* **Records for the exercise**:
◆ ◆ ◆
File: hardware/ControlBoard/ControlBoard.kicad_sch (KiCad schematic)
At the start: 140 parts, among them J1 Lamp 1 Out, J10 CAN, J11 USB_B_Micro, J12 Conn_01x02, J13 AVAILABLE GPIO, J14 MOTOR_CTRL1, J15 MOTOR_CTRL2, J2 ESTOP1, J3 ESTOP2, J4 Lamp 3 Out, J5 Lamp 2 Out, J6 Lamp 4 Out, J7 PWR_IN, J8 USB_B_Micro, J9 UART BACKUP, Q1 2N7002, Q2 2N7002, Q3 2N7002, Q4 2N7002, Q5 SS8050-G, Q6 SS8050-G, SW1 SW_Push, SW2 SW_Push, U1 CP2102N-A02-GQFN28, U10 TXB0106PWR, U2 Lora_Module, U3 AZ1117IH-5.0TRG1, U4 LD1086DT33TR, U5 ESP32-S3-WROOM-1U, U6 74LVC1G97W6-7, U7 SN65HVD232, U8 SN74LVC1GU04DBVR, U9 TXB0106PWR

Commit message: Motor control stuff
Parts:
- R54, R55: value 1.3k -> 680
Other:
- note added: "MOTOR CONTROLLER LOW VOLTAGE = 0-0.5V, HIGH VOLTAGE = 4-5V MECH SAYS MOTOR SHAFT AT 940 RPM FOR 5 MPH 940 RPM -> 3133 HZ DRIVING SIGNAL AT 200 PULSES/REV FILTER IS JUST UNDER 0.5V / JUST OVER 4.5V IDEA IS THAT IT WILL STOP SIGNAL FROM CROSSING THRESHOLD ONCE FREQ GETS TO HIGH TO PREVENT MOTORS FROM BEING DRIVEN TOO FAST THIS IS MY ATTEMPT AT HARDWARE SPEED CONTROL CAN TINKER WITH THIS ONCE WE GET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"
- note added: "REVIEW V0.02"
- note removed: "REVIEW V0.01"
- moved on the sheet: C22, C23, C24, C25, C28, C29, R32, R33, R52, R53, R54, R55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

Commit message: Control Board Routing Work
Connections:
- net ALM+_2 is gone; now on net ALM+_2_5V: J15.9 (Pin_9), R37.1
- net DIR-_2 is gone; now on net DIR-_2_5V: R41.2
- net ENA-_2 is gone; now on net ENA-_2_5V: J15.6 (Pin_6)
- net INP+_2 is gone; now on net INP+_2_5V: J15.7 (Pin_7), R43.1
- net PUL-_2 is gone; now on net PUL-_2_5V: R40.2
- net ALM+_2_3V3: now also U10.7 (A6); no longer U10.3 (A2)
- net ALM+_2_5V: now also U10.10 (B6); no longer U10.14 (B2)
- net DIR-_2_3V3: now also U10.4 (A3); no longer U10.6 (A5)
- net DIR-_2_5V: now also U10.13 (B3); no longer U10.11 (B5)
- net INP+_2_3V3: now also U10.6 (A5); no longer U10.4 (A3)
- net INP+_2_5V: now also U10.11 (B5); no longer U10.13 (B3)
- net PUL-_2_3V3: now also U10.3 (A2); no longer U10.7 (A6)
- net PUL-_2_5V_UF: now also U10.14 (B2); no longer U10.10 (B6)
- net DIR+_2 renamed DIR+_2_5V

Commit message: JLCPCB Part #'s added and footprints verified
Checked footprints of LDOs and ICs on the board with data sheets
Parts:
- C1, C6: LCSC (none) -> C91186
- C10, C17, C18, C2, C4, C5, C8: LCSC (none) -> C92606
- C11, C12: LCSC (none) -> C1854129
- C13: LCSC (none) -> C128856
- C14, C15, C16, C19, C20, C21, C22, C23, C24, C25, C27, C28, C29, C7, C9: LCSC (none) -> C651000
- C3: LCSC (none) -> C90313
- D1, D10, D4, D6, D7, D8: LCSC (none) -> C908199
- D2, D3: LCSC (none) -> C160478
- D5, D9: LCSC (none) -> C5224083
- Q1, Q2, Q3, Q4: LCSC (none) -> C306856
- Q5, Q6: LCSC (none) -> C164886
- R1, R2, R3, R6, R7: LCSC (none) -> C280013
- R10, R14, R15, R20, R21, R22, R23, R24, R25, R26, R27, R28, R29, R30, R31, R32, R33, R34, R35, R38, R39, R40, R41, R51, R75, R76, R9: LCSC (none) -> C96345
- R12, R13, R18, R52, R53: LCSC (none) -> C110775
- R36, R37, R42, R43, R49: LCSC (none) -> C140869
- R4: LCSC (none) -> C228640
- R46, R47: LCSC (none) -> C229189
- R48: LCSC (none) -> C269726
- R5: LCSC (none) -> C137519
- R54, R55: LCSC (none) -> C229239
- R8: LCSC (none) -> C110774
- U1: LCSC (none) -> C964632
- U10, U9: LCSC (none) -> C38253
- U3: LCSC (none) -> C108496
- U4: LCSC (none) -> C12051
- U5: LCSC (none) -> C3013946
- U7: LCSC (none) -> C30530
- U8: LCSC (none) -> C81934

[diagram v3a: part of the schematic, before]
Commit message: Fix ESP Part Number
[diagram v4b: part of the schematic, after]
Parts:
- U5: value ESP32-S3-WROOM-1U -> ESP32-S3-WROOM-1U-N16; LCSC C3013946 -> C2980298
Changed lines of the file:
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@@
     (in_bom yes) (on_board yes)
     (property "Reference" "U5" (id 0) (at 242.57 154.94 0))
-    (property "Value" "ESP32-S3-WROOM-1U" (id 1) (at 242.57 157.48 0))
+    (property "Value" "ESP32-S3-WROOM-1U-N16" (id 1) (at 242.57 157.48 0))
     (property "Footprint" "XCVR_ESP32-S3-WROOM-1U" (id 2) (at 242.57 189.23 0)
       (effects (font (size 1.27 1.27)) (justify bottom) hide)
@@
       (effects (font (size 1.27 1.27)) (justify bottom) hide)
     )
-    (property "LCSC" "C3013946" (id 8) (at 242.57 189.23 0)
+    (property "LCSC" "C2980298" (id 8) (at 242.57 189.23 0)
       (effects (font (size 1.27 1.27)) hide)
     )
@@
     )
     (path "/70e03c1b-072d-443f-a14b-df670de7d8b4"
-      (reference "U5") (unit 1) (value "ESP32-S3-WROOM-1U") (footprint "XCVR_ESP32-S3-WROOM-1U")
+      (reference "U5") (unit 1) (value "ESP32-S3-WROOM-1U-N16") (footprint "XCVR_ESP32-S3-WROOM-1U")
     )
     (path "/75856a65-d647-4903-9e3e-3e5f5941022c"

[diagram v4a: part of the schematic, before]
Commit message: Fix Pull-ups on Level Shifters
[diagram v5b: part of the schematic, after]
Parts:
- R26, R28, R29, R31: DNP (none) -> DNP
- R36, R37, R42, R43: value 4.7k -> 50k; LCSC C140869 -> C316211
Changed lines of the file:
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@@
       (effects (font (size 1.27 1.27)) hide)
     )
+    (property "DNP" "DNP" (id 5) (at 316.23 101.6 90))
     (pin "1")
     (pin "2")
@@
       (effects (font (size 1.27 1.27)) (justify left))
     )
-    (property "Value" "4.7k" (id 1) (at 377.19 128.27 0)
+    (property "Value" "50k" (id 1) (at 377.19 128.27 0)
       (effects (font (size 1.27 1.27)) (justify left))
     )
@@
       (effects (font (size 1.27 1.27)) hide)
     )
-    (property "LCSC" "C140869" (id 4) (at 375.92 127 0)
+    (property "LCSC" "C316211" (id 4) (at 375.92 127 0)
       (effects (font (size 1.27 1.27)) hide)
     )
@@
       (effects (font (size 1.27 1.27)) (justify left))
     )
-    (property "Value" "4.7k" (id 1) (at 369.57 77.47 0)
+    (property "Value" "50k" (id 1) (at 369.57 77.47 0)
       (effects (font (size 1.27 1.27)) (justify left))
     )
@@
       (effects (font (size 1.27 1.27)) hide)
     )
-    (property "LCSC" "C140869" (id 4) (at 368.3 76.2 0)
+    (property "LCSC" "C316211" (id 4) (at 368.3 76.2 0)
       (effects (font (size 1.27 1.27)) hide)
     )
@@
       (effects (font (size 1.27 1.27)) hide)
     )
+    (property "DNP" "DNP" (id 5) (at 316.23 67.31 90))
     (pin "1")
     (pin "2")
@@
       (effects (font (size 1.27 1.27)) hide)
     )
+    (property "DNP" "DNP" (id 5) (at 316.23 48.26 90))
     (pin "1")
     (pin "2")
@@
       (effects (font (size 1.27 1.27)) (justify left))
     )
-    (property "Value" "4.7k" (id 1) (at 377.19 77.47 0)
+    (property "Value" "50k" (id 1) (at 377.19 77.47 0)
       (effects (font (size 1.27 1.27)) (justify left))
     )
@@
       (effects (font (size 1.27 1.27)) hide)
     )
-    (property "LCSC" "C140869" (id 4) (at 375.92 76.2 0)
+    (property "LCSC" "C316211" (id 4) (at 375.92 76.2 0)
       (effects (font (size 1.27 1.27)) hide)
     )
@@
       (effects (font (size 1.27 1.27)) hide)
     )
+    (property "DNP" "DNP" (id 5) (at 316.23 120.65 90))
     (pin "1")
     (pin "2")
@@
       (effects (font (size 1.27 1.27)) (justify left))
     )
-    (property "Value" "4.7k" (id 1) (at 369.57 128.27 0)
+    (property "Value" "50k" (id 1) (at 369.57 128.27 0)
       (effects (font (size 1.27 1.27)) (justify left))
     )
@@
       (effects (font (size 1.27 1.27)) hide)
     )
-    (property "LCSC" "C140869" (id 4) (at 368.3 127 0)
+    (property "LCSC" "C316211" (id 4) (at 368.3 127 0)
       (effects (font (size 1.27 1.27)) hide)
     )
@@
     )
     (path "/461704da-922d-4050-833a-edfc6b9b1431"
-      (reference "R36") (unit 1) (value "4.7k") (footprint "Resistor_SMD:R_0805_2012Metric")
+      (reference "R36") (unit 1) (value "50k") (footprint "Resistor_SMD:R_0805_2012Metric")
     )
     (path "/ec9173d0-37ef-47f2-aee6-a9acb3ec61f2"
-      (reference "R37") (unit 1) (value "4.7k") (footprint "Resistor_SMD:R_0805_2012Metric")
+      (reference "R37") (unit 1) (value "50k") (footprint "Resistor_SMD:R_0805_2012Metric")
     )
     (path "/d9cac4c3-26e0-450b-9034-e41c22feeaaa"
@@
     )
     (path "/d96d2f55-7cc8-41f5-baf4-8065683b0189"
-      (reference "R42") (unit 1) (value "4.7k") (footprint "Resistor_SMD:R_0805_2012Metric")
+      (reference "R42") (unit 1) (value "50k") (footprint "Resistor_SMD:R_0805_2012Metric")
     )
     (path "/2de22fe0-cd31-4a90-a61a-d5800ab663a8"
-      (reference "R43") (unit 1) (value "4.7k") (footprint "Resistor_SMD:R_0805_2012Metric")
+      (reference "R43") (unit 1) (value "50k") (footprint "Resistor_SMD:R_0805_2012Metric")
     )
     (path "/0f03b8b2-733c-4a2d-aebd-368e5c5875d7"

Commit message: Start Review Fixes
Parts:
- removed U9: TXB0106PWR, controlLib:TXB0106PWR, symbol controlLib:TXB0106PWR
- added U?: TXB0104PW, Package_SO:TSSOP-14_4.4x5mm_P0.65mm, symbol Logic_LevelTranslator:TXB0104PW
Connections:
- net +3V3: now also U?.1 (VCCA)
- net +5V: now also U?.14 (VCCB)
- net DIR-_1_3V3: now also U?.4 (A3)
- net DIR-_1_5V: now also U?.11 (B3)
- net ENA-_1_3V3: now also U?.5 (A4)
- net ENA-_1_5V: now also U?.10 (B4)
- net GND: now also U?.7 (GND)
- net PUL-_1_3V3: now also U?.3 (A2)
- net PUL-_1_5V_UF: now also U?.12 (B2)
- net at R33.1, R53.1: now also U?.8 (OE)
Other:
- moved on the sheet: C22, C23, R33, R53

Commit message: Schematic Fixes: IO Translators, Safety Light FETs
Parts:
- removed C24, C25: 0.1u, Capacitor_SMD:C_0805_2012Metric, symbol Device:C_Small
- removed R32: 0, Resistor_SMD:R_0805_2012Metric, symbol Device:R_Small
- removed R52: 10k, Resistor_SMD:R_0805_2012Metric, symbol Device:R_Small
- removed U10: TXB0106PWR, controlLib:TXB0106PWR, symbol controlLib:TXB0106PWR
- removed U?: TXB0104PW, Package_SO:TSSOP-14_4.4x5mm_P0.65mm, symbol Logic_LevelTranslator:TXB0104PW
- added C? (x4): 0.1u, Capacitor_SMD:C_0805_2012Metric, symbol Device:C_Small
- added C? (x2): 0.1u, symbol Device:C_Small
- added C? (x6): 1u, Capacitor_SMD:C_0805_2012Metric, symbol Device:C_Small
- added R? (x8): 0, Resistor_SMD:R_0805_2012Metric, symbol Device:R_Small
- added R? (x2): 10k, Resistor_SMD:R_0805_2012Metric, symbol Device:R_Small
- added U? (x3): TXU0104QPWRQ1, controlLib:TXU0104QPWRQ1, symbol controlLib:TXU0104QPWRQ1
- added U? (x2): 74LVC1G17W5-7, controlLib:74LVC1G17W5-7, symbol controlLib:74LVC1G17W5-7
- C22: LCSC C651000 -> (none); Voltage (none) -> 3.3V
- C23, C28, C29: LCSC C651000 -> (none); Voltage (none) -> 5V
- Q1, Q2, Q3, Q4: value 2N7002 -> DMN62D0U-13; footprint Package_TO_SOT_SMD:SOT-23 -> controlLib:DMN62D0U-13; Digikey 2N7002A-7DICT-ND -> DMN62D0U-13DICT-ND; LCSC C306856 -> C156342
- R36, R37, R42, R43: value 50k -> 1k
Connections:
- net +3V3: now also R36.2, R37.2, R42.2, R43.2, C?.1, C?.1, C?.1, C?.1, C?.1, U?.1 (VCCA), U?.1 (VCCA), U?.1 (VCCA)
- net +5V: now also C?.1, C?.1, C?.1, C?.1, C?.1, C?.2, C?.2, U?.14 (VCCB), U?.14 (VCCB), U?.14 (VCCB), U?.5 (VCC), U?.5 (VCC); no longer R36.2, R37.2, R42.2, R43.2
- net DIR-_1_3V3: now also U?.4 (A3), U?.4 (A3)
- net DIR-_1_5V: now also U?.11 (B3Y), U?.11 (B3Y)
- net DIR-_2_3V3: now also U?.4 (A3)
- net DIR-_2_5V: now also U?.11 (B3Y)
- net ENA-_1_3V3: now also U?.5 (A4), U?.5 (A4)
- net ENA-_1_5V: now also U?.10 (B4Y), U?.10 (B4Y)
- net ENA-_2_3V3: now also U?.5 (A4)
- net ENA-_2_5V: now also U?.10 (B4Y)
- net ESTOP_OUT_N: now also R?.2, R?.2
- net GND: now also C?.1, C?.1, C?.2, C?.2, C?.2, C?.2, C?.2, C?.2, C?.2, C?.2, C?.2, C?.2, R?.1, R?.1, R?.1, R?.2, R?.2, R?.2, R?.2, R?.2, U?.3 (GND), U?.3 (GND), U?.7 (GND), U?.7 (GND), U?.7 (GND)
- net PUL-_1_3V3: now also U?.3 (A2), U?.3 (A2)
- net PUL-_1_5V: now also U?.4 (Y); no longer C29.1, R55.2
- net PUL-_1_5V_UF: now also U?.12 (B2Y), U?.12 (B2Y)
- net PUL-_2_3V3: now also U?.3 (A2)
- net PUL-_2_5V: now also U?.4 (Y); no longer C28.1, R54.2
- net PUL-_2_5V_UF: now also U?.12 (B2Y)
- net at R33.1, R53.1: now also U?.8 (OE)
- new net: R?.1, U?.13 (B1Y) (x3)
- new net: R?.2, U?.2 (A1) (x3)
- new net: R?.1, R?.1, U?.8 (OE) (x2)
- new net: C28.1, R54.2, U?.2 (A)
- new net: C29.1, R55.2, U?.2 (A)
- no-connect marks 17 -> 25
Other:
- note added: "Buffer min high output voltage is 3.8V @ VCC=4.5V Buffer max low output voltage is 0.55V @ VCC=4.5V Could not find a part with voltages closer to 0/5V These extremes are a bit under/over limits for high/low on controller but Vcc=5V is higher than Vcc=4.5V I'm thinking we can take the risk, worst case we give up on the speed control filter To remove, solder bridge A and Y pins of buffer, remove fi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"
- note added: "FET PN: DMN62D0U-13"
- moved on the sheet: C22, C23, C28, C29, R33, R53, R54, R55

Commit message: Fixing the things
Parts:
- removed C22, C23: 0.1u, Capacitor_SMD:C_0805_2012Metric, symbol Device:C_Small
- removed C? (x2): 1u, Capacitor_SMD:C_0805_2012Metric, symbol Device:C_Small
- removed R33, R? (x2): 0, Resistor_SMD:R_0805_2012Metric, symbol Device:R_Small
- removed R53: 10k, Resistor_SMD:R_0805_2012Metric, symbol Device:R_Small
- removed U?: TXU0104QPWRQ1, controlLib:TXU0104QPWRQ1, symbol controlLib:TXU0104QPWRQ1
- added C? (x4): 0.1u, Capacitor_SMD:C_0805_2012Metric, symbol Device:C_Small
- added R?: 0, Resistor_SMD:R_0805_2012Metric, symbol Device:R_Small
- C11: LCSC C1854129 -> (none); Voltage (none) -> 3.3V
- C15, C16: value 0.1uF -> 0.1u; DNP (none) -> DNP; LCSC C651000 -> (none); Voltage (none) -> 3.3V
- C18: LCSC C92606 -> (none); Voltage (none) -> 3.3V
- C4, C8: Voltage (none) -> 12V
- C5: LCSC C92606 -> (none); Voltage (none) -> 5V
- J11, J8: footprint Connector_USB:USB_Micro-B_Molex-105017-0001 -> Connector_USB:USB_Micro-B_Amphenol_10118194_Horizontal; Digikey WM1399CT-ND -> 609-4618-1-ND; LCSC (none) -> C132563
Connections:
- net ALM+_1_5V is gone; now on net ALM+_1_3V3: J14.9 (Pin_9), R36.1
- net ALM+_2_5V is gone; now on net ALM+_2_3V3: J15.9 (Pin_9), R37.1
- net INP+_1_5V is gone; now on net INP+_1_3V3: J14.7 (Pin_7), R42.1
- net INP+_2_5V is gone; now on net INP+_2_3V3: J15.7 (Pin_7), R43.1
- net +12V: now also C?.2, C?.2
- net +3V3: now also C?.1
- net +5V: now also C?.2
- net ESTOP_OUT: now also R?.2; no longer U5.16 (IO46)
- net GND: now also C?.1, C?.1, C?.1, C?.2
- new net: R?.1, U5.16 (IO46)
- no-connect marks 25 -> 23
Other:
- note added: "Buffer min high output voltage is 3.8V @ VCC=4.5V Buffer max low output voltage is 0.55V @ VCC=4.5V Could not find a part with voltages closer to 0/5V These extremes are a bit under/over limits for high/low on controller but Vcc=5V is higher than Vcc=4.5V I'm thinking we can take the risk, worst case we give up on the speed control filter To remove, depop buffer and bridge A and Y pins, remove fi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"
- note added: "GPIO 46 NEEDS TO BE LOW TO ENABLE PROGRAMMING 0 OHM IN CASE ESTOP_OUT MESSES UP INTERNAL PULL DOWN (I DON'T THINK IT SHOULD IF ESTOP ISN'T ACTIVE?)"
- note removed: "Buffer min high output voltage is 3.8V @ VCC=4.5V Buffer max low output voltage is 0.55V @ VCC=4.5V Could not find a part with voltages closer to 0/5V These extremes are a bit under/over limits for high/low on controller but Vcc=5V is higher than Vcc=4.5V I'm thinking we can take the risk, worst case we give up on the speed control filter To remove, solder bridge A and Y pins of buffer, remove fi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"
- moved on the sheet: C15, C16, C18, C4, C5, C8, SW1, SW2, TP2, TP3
◆ ◆ ◆
* **Work item**:
When a line in the material above contains the word "GPIO", copy that line out.

* **Response area**:
At the start: 140 parts, among them J1 Lamp 1 Out, J10 CAN, J11 USB_B_Micro, J12 Conn_01x02, J13 AVAILABLE GPIO, J14 MOTOR_CTRL1, J15 MOTOR_CTRL2, J2 ESTOP1, J3 ESTOP2, J4 Lamp 3 Out, J5 Lamp 2 Out, J6 Lamp 4 Out, J7 PWR_IN, J8 USB_B_Micro, J9 UART BACKUP, Q1 2N7002, Q2 2N7002, Q3 2N7002, Q4 2N7002, Q5 SS8050-G, Q6 SS8050-G, SW1 SW_Push, SW2 SW_Push, U1 CP2102N-A02-GQFN28, U10 TXB0106PWR, U2 Lora_Module, U3 AZ1117IH-5.0TRG1, U4 LD1086DT33TR, U5 ESP32-S3-WROOM-1U, U6 74LVC1G97W6-7, U7 SN65HVD232, U8 SN74LVC1GU04DBVR, U9 TXB0106PWR
- note added: "GPIO 46 NEEDS TO BE LOW TO ENABLE PROGRAMMING 0 OHM IN CASE ESTOP_OUT MESSES UP INTERNAL PULL DOWN (I DON'T THINK IT SHOULD IF ESTOP ISN'T ACTIVE?)"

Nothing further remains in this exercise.